Reflexión

Una vida estándar en un país estándar

Francia posee 29273 kilómetros de líneas ferroviarias. A ver, esto es como ir desde Buenos Aires a Chicago, volver a la capital argentina, y luego re-retornar al Estado de Illinois. Todos los días circulan 15000 formaciones (un promedio de más de 10 por minuto, y de 5.5 millones al año), que cubren alrededor de 3000 ciudades del territorio galo.

A simple vista es de esperar que, con una red de tal magnitud, sólo el mantenimiento de las vías implique un gran trabajo; y que la enorme cantidad de conexiones/trasbordos pueda provocar retrasos o desempeños no esperados. Sin ir más lejos, en el año 2013 la Société Nationale des Chemins de Fer (SNCF), principal compañía ferroviaria del país, reportó un total de 22 accidentes. Entre 2013 y 2014, uno de cada diez pasajeros “sufrió” un retraso de al menos 5 minutos en algún tren de la red.

Los pasajeros y usuarios regulares no dudan un segundo en hacer catarsis y expresar sus quejas en los diferentes medios que la web 2.0 les ofrece: foros, redes sociales, sitios oficiales, etc.
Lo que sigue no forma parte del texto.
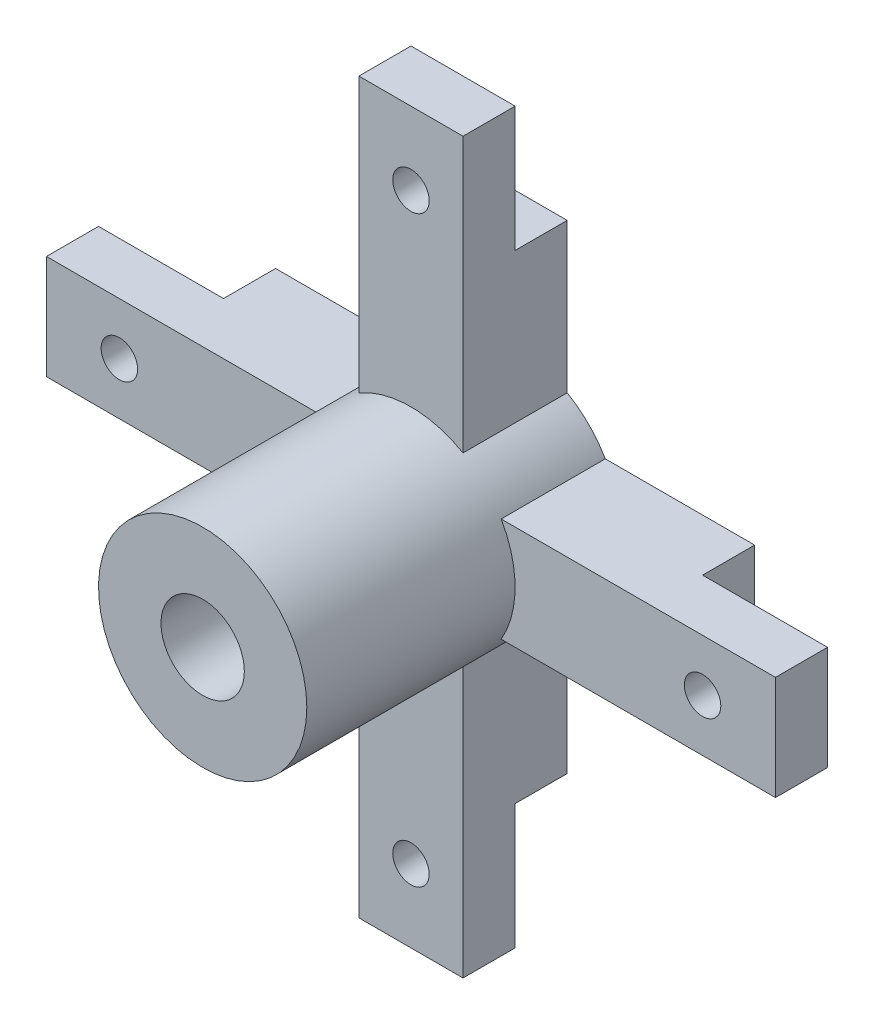
SolidWorks part; units mm, degrees
ref_plane "Спереди" through (0, 0, 0) normal (0, 0, 1) x (1, 0, 0)
ref_plane "Сверху" through (0, 0, 0) normal (0, 1, 0) x (1, 0, 0)
ref_plane "Справа" through (0, 0, 0) normal (1, 0, 0) x (0, 0, -1)
sketch "Эскиз1" plane through (0, 0, 0) normal (0, 0, 1) x (1, 0, 0)
  circle A0 centre (0, 0) radius 4
  circle A1 centre (0, 0) radius 10
  dimension "D1" = 8
  dimension "D2" = 20
extrude "Бобышка-Вытянуть1" add sketch "Эскиз1" along normal blind 30
sketch "Эскиз2" plane through (0, 0, 0) normal (0, 0, -1) x (-1, 0, 0)
  line L1 (-5, 4) -> (5, 4)
  line L2 (-5, 4) -> (-5, 35)
  line L3 (-5, 35) -> (5, 35)
  line L4 (5, 4) -> (5, 35)
  line L5 (-5, 4) -> (5, 35) construction
  line L6 (-5, 35) -> (5, 4) construction
  circle A0 centre (0, 0) radius 4 construction
  point P0 (0, 19.5)
  point P8 (0, 4)
  dimension "D1" = 35
  dimension "D2" = 10
extrude "Бобышка-Вытянуть2" add sketch "Эскиз2" against normal blind 10
sketch "Эскиз3" plane through (0, 0, 0) normal (0, 0, -1) x (-1, 0, 0)
  line L0 (-5, 35) -> (-5, 8.6603) construction
  line L1 (-5, 23) -> (5, 23)
  line L2 (-5, 23) -> (-5, 35)
  line L3 (-5, 35) -> (5, 35)
  line L4 (5, 23) -> (5, 35)
  line L5 (-5, 23) -> (5, 35) construction
  line L6 (-5, 35) -> (5, 23) construction
  point P0 (0, 29)
  dimension "D1" = 23
extrude "Вырез-Вытянуть1" cut sketch "Эскиз3" against normal blind 5
hole_wizard "Диаметр отверстия Ø3.5 (3.5)1" positions "Эскиз4" profile "Эскиз5" hole size "Ø3.5" standard "DIN" end condition through all
sketch "Эскиз4" plane through (0, 0, 5) normal (0, 0, -1) x (-1, 0, 0)
  point P0 (0, 28)
  dimension "D1" = 28
sketch "Эскиз5" plane through (0, 28, 5) normal (1, 0, 0) x (0, 1, 0)
  line L0 (0, 0) -> (0, 25)
  line L1 (0, 25) -> (1.75, 25)
  line L2 (1.75, 25) -> (1.75, 0)
  line L5 (1.75, 0) -> (0, 0)
  line L11 (0, -6.35) -> (0, 107.95) construction
  dimension "Диаметр сквозного отверстия" = 3.5
  dimension "Глубина сквозного отверстия" = 25
pattern_circular "Круговой массив1" count 4 over 360 about axis through (0, 0, 0) along (0, 0, 1) of "Бобышка-Вытянуть2", "Вырез-Вытянуть1", "Диаметр отверстия Ø3.5 (3.5)1"
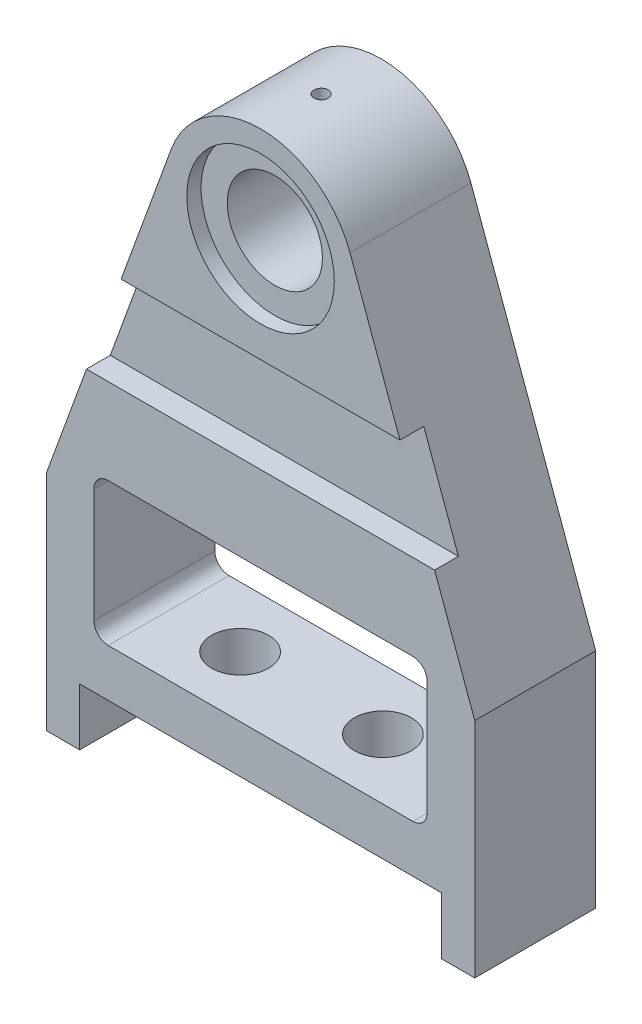
SolidWorks part; units mm, degrees
material "Beryllium"
ref_plane "Front Plane" through (0, 0, 0) normal (0, 0, 1) x (1, 0, 0)
ref_plane "Top Plane" through (0, 0, 0) normal (0, 1, 0) x (1, 0, 0)
ref_plane "Right Plane" through (0, 0, 0) normal (1, 0, 0) x (0, 0, -1)
sketch "Sketch1" plane through (0, 0, 0) normal (0, 0, 1) x (1, 0, 0)
  line L0 (-38, 0) -> (38, 0)
  line L1 (-38, 0) -> (-38, -12)
  line L2 (-38, -12) -> (-45, -12)
  line L3 (-45, -12) -> (-45, 34.8396)
  line L4 (-45, 34.8396) -> (-18.7939, 106.8404)
  line L5 (18.7939, 106.8404) -> (45, 34.8396)
  line L6 (45, 34.8396) -> (45, -12)
  line L7 (45, -12) -> (38, -12)
  line L8 (38, -12) -> (38, 0)
  line L9 (0, 100) -> (0, 0) construction
  arc A0 (-18.7939, 106.8404) -> (18.7939, 106.8404) centre (0, 100) cw
  circle A1 centre (0, 100) radius 10
  dimension "D4" = 20
  dimension "D5" = 20
  dimension "D1" = 76
  dimension "D2" = 90
  dimension "D3" = 12
  dimension "D6" = 100
extrude "Extrude1" add sketch "Sketch1" along normal blind 25.4
sketch "Sketch2" plane through (0, 0, 25.4) normal (0, 0, 1) x (1, 0, 0)
  line L0 (-38, 0) -> (38, 0) construction
  line L1 (-32, 10) -> (32, 10)
  line L2 (-35, 13) -> (-35, 37)
  line L3 (-32, 40) -> (32, 40)
  line L4 (35, 13) -> (35, 37)
  line L5 (0, 10) -> (0, 0) construction
  arc A0 (-35, 37) -> (-32, 40) centre (-32, 37) cw
  arc A1 (32, 40) -> (35, 37) centre (32, 37) cw
  arc A2 (-32, 10) -> (-35, 13) centre (-32, 13) cw
  arc A3 (32, 10) -> (35, 13) centre (32, 13) ccw
  point P13 (35, 40)
  point P18 (35, 10)
  dimension "D3" = 3
  dimension "D4" = 3
  dimension "D1" = 10
  dimension "D2" = 30
  dimension "D5" = 70
extrude "Cut-Extrude1" cut sketch "Sketch2" against normal through all
sketch "Sketch5" plane through (0, 0, 0) normal (0, -1, 0) x (1, 0, 0)
  line L0 (-38, 12.7) -> (38, 12.7) construction
  line L2 (-38, 25.4) -> (-38, 0) construction
  line L3 (38, 25.4) -> (38, 0) construction
  circle A0 centre (13, 12.7) radius 6
  circle A1 centre (-17, 12.7) radius 6
  dimension "D1" = 12
  dimension "D2" = 30
  dimension "D3" = 25
extrude "Cut-Extrude2" cut sketch "Sketch5" against normal up to next
ref_plane "Plane1" through (0, 137, 0) normal (0, 1, 0) x (-1, 0, 0)
sketch "Sketch6" plane through (0, 137, 0) normal (0, 1, 0) x (-1, 0, 0)
  line L0 (38, 25.4) -> (38, 0) construction
  line L1 (38, 25.4) -> (38, 0) construction
  line L2 (-38, 25.4) -> (-38, 0) construction
  line L3 (-38, 25.4) -> (-38, 0) construction
  line L4 (38, 0) -> (-38, 25.4) construction
  circle A0 centre (0, 12.7) radius 1.5
  dimension "D1" = 3
extrude "Cut-Extrude3" cut sketch "Sketch6" against normal up to surface (27.1131 mm away)
sketch "Sketch7" plane through (0, 0, 25.4) normal (0, 0, 1) x (1, 0, 0)
  line L0 (32, 40) -> (-32, 40) construction
  line L1 (-63.2444, 58) -> (67.8459, 58)
  line L2 (-63.2444, 58) -> (-63.2444, 78)
  line L3 (-63.2444, 78) -> (67.8459, 78)
  line L4 (67.8459, 58) -> (67.8459, 78)
  dimension "D1" = 20
  dimension "D2" = 18
extrude "Extrude2" cut sketch "Sketch7" against normal blind 5
sketch "Sketch8" plane through (0, 0, 25.4) normal (0, 0, 1) x (1, 0, 0)
  circle A0 centre (0, 100) radius 15.5
  circle A1 centre (0, 100) radius 10 construction
  circle A2 centre (0, 100) radius 10
  dimension "D1" = 31
extrude "Extrude3" cut sketch "Sketch8" against normal blind 3
ref_plane "Plane2" through (0, 0, 12.7) normal (0, 0, 1) x (1, 0, 0)
mirror "Mirror1" about plane through (0, 0, 12.7) normal (0, 0, 1) of "Extrude3"
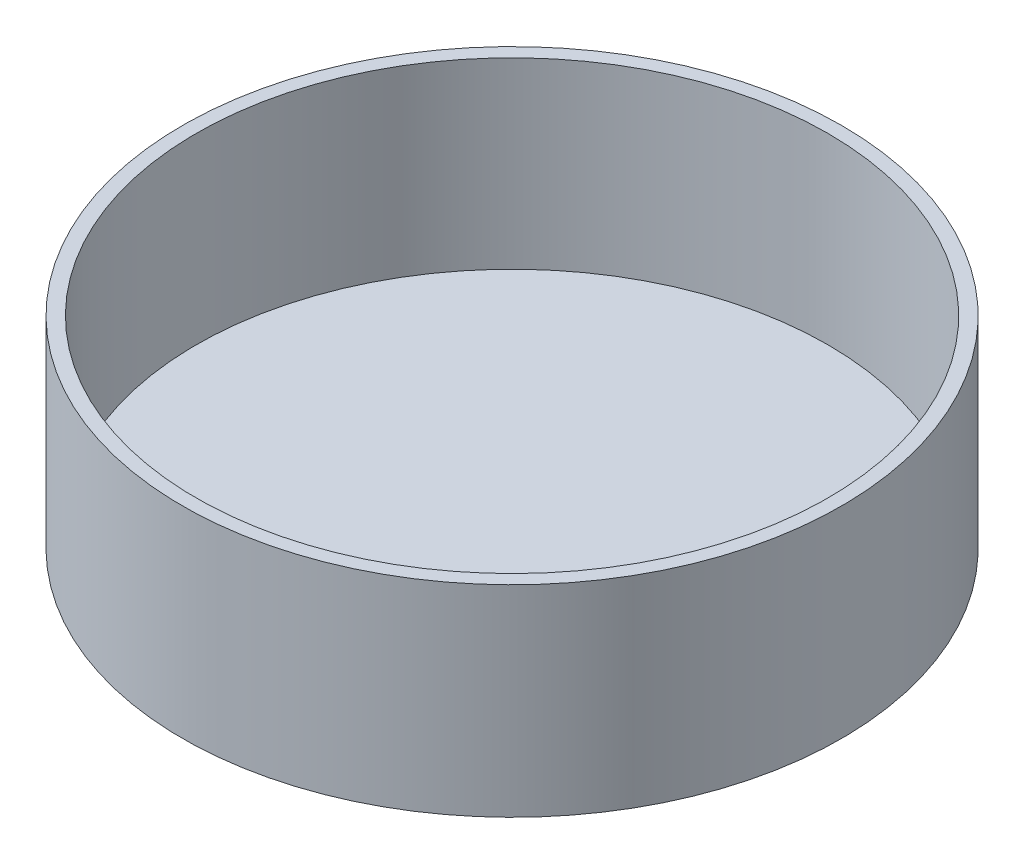
SolidWorks part; units mm, degrees
ref_plane "Front" through (0, 0, 0) normal (0, 0, 1) x (1, 0, 0)
ref_plane "Top" through (0, 0, 0) normal (0, 1, 0) x (1, 0, 0)
ref_plane "Right" through (0, 0, 0) normal (1, 0, 0) x (0, 0, -1)
sketch "Sketch1" plane through (0, 0, 0) normal (1, 0, 0) x (0, 0, -1)
  line L0 (0, 0) -> (-114.3, 0)
  line L1 (-114.3, 0) -> (-114.3, 69.85)
  line L2 (-114.3, 69.85) -> (-109.5375, 69.85)
  line L3 (-109.5375, 69.85) -> (-109.5375, 6.35)
  line L4 (-109.5375, 6.35) -> (0, 6.35)
  line L5 (0, 6.35) -> (0, 0)
  line L6 (0, -45.6337) -> (0, 123.0648) construction
  dimension "D1" = 219.075
  dimension "D2" = 4.7625
  dimension "D3" = 69.85
  dimension "D4" = 63.5
revolve "Revolve1" add sketch "Sketch1" angle 360 about L6
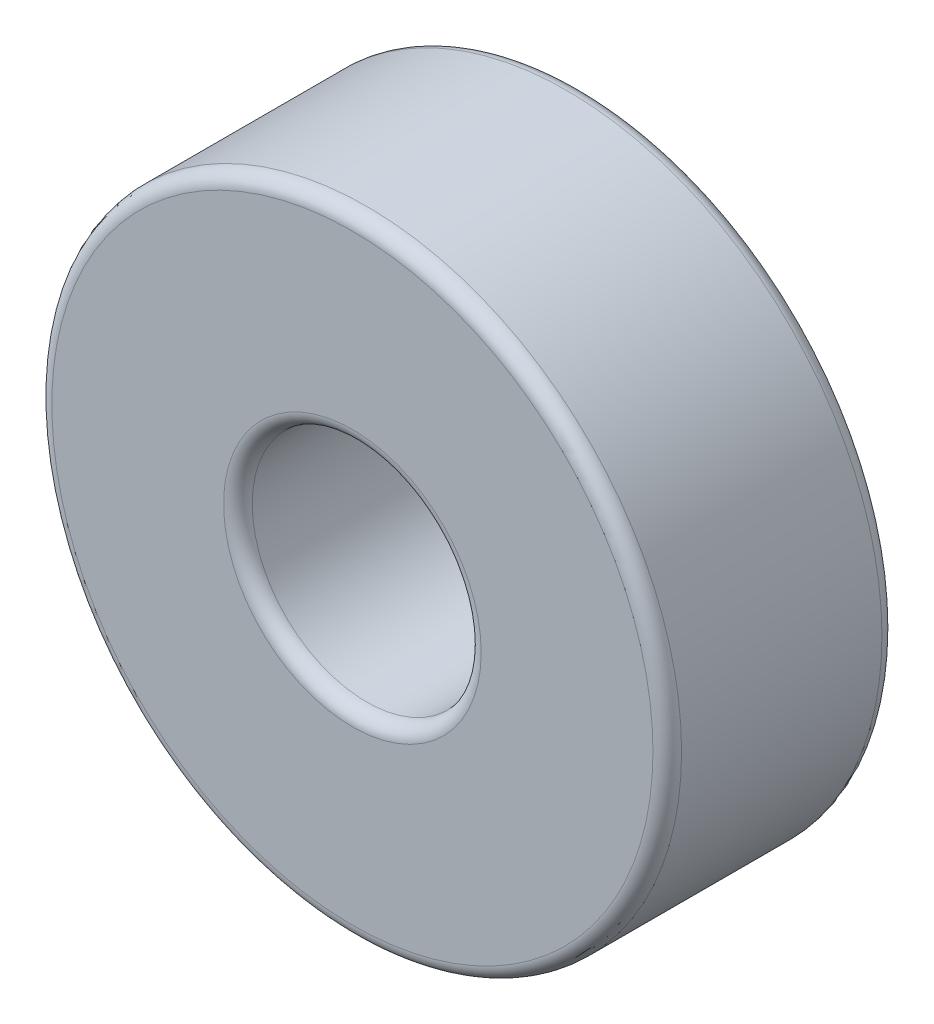
SolidWorks part; units mm, degrees
ref_plane "Plan de face" through (0, 0, 0) normal (0, 0, 1) x (1, 0, 0)
ref_plane "Plan de dessus" through (0, 0, 0) normal (0, 1, 0) x (1, 0, 0)
ref_plane "Plan de droite" through (0, 0, 0) normal (1, 0, 0) x (0, 0, -1)
sketch "Esquisse1" plane through (0, 0, 0) normal (0, 0, 1) x (1, 0, 0)
  circle A0 centre (0, 0) radius 11
  circle A1 centre (0, 0) radius 4
extrude "Extrusion1" add sketch "Esquisse1" along normal blind 8
fillet "Congé1" radius 0.5 4 edges at (4, 0, 0) (4, 0, 8) (11, 0, 0) (11, 0, 8)
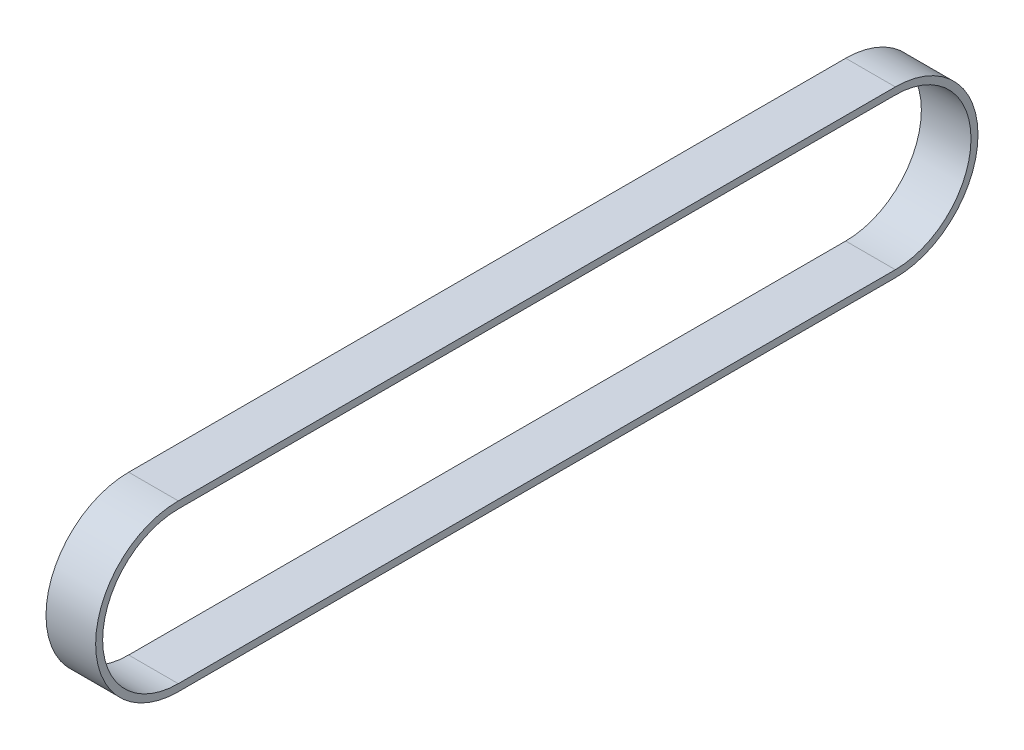
SolidWorks part; units mm, degrees
ref_plane "Front Plane" through (0, 0, 0) normal (0, 0, 1) x (1, 0, 0)
ref_plane "Top Plane" through (0, 0, 0) normal (0, 1, 0) x (1, 0, 0)
ref_plane "Right Plane" through (0, 0, 0) normal (1, 0, 0) x (0, 0, -1)
sketch "Sketch1" plane through (0, 0, 0) normal (1, 0, 0) x (0, 0, -1)
  line L0 (0, 0) -> (130, 0) construction
  line L1 (0, 13.716) -> (130, 13.716)
  line L2 (130, -13.716) -> (0, -13.716)
  arc A0 (0, 13.716) -> (0, -13.716) centre (0, 0) ccw
  arc A1 (130, -13.716) -> (130, 13.716) centre (130, 0) ccw
  dimension "D2" = 27.432
  dimension "D1" = 130
extrude "Extrude-Thin1" add sketch "Sketch1" along normal blind 9 thin thin type one direction wall 1.27
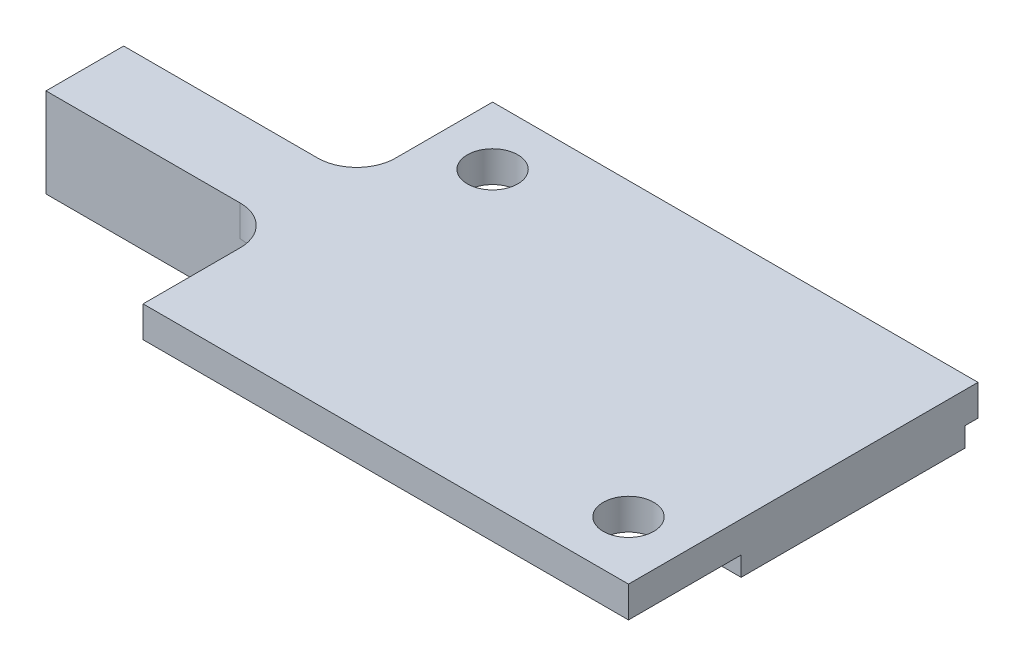
SolidWorks part; units mm, degrees
material "ABS"
ref_plane "Front Plane" through (0, 0, 0) normal (0, 0, 1) x (1, 0, 0)
ref_plane "Top Plane" through (0, 0, 0) normal (0, 1, 0) x (1, 0, 0)
ref_plane "Right Plane" through (0, 0, 0) normal (1, 0, 0) x (0, 0, -1)
sketch "Sketch1" plane through (0, 0, 0) normal (0, 1, 0) x (1, 0, 0)
  line L0 (0, 11) -> (0, 18)
  line L1 (0, 0) -> (25, 0)
  line L2 (0, 0) -> (0, 7)
  line L3 (0, 18) -> (25, 18)
  line L4 (25, 0) -> (25, 18)
  line L5 (0, 7) -> (-12, 7)
  line L7 (0, 11) -> (-12, 11)
  line L8 (-12, 7) -> (-12, 11)
  dimension "D1" = 18
  dimension "D2" = 25
  dimension "D3" = 4
  dimension "D4" = 12
  dimension "D5" = 7
extrude "Boss-Extrude1" add sketch "Sketch1" along normal blind 1.6
sketch "Sketch2" plane through (-12, 0, 0) normal (-1, 0, 0) x (0, 0, 1)
  line L0 (-9, 1.6) -> (-9, -4.9854) construction
  line L1 (-11, 1.6) -> (-7, 1.6) construction
  line L2 (-11, 0) -> (-7, 0) construction
  line L4 (-7, -3) -> (-7, 0)
  line L5 (-11, -3) -> (-11, 0)
  line L6 (-7, 0) -> (-11, 0)
  arc A0 (-7, -3) -> (-11, -3) centre (-9, -3) ccw
  line M1 (-11, 0) -> (-7, 0)
  dimension "D1" = 4
  dimension "D2" = 3
extrude "Boss-Extrude2" add sketch "Sketch2" against normal up to surface (12 mm away) contours A0 L4 L6 | A0 L5 M1 up to face at (0, 0.8, -14.5)
sketch "Sketch3" plane through (0, 1.6, 0) normal (0, 1, 0) x (1, 0, 0)
  line L0 (0, 18) -> (0, 11) construction
  line L1 (25, 18) -> (0, 18) construction
  line L2 (25, 0) -> (25, 18) construction
  line L3 (0, 0) -> (25, 0) construction
  circle A0 centre (3, 15) radius 1.3
  circle A1 centre (22, 3) radius 1.3
  dimension "D1" = 2.6
  dimension "D2" = 2.6
  dimension "D3" = 3
  dimension "D4" = 3
  dimension "D5" = 3
  dimension "D6" = 3
extrude "Cut-Extrude1" cut sketch "Sketch3" against normal blind 1.6
fillet "Fillet1" radius 2 2 edges at (0, 0.8, -7) (0, 0.8, -11)
sketch "Sketch4" plane through (0, 0, 0) normal (0, -1, 0) x (1, 0, 0)
  line L0 (-12, -9) -> (28.8588, -9) construction
  line L1 (-12, -7) -> (-12, -11) construction
  line L2 (25, -5.8) -> (25, -17.33)
  line L3 (25, 0) -> (25, -18) construction
  line L4 (25, -17.33) -> (20.2856, -15.0198)
  line L5 (20.2856, -15.0198) -> (23, -11.947)
  line L6 (23, -11.947) -> (23, -5.8)
  line L7 (23, -5.8) -> (25, -5.8)
  line L8 (25, -18) -> (0, -18) construction
  dimension "D1" = 2
  dimension "D2" = 11.53
  dimension "D3" = 5.25
  dimension "D4" = 4.1
  dimension "D5" = 74.65
  dimension "D6" = 0.67
extrude "Boss-Extrude3" add sketch "Sketch4" along normal blind 1
equation "\"ˇ2\"=1.45231"

Todos juntos aunados por la queja: ¡no es aceptable que un tren se retrase más de 5 minutos! Mucho menos si hay un accidente: ¡¿qué clase de empresa es esta en la que viajamos!?

Por mucho tiempo creí que estos eran – entre otros – problemas “primermundistas”. Como ellos nunca tuvieron la oportunidad de viajar en el subterráneo de Buenos Aires en hora pico (cuyo problema principal es la falta de frecuencia por no contar con suficientes formaciones y una red no-optimizada), solía creer que sus pedidos y reclamos se podían catalogar como “menores”.  En mi antiguo razonar, si un tren de media distancia Montpellier – París se retrasaba 15 minutos, yo no veía problema alguno. Ni quejas, ni reclamos, ni suspiros: paciencia y aceptación.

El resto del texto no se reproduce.